Maybe it was my professional background at play, but, in retrospect, I can see that I saw this essentially as a prioritization and scheduling exercise – which consisted in large part of trying to ascertain if the time was right to begin my studies toward a Master of Theology from Franciscan University at Steubenville, via their distance learning program. The program itself has seemed like the right direction for me for a while, but the timing has been problematic – perhaps primarily because of health concerns over the past year, but also because of concerns about its potential to impact my family time and work commitment, as well as my availability for involvement in my parish community. The insight that came to me seemed a bit out of left field.

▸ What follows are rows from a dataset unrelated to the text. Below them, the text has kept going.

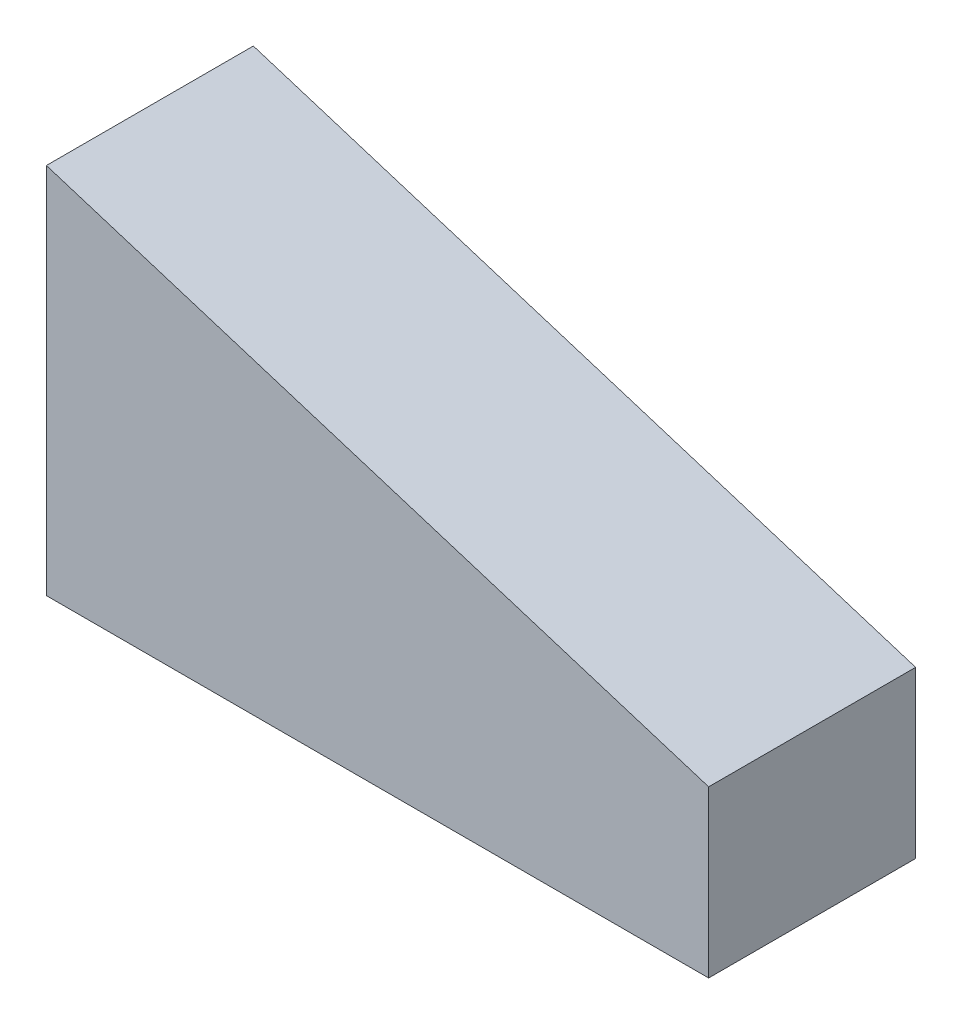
from build123d import *

# Parameters (mm, degrees)
BOSS_EXTRUDE1_DEPTH = 25


with BuildPart() as part:
    # Sketch1 → Boss-Extrude1 (new body)
    with BuildSketch(Plane.XY):
        Polygon((0, 0), (80, 0), (80, 20), (0, 45), align=None)
    extrude(amount=BOSS_EXTRUDE1_DEPTH)


solid = part.part
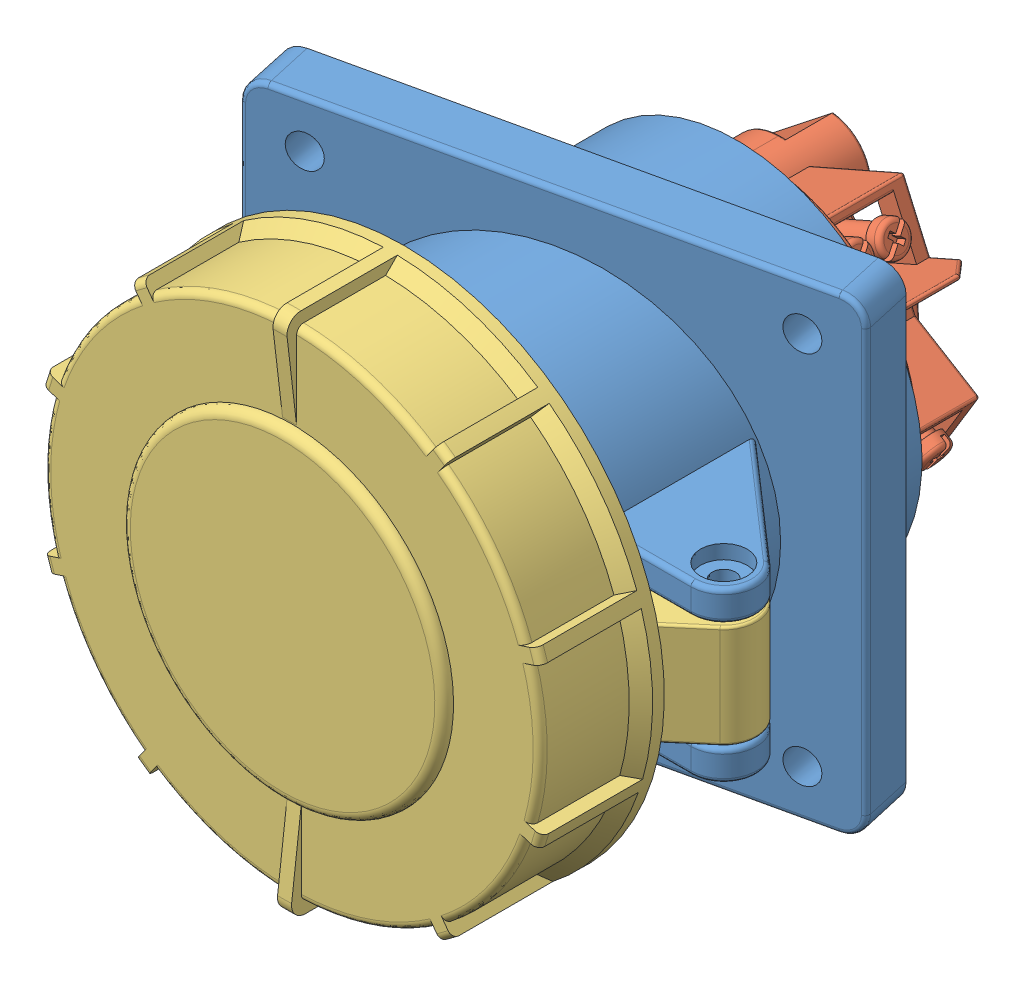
SolidWorks assembly Розетка стационарная внутренняя угловая ps-4342-63-380.SLDASM, configuration По умолчанию (file format 10000). Lengths in mm.
Overall size (119.46 111.32 132.28).
3 component instances, 3 part files, 5 mates.
Components (placement in the parent):
- Корпус 4352,4342-1: Корпус 4352,4342.SLDPRT [По умолчанию] at (99.3229 85.6789 -21.549) size (119.46 100 82)
- Колодка 3342,4342-1: Колодка 3342,4342.SLDPRT [По умолчанию] at (99.3229 85.6789 -21.549) x (0.519587 0.854417 0) z (0 0 -1) size (72 72 112.04)
- Крышка 3342, 4342, 3352, 4352-1: Крышка 3342, 4342, 3352, 4352.SLDPRT [По умолчанию] at (99.3229 85.6789 73.451) x (0 1 0) z (0 0 -1) size (111.32 117.7 46.24)
Mates (geometry in assembly coordinates):
- Концентричный1: concentric anti-aligned: cylinder of Корпус 4352,4342-1 through (99.3229 85.6789 -46.549) axis (0 0 1) radius 36.5; cylinder of Колодка 3342,4342-1 through (99.3229 85.6789 55.451) axis (0 0 -1) radius 30
- Совпадение1: coincident anti-aligned: plane of Корпус 4352,4342-1 through (99.3229 85.6789 -21.549) normal (0 0 -1); plane of Колодка 3342,4342-1 through (99.3229 85.6789 -21.549) normal (0 0 1)
- Концентричный2: concentric anti-aligned: cylinder of Корпус 4352,4342-1 through (99.3229 85.6789 -46.549) axis (0 0 1) radius 36.5; cylinder of Крышка 3342, 4342, 3352, 4352-1 through (99.3229 85.6789 60.451) axis (0 0 -1) radius 50.5
- Параллельность1: parallel anti-aligned: plane of Корпус 4352,4342-1 through (168.7653 97.1789 -0.549) normal (0 -1 0); plane of Крышка 3342, 4342, 3352, 4352-1 through (154.5227 96.6789 36.451) normal (0 1 0)
- Совпадение2: coincident anti-aligned: plane of Корпус 4352,4342-1 through (99.3229 85.6789 60.451) normal (0 0 1); plane of Крышка 3342, 4342, 3352, 4352-1 through (99.3229 85.6789 60.451) normal (0 0 -1)

I was beginning another long commute home in a miserable winter rain storm, when the thought came to me that I really needed to do something right away about making a long-needed change in email hosting. For years, I’d been running my own Internet mail server as part of a fairly elaborate network of systems in my basement. Back when I was working as an IT Infrastructure consultant, it was sensible enough for me to be running my own pilot lab at home, but I’d lost that need – and the motivation to maintain it- a couple years ago, and it was becoming something of an albatross to me, wasting time and money while steadily becoming riskier for me to run.
For various reasons, my resolution was to procure a new professionally hosted domain, migrate, then shut down my old domain. I’d come up with a list of potential new domain names, but hadn’t done any serious planning. And as I sat slumped in my car at a red light in that rainstorm, thinking I really needed to do something about it right away, my initial reaction was: “that’s going to be a lot of work, and when I’m done, I’m going to want to build a web site for it, which will be even more work… yeah, maybe tomorrow…” Immediately, however, I replied to myself: “No, maybe today”.
Right then, I knew I had found, not only my new domain name, but a key to understanding what God was looking for from me (or offering me, if you prefer): not a web site, per se, but the impetus to stop wasting my time waiting for tomorrow, and to start living for today; to stop trying to become me, but to simply be me; to stop trying to understand God’s plan, but to just do whatever honestly seems to be the needful thing to do.
It’s not very obvious how starting a blog would have been the needful thing to do in that situation, but it has to do with the need to stop waiting for the stars to align, so to speak. A while back, I targeted today as the launch day for this site. So, in the spirit of taking each day for what it’s worth – despite feeling still quite unready – I’m considering maybetoday.org formally launched with this post. I still have a lot of work to do to achieve the baseline I set out to meet for launch, but I’ll just have to be satisfied with what I’ve done design-wise, and get to the content as I can.
If anyone comes around and reads this, welcome: feel free to look around, and to chat if you’re so inclined.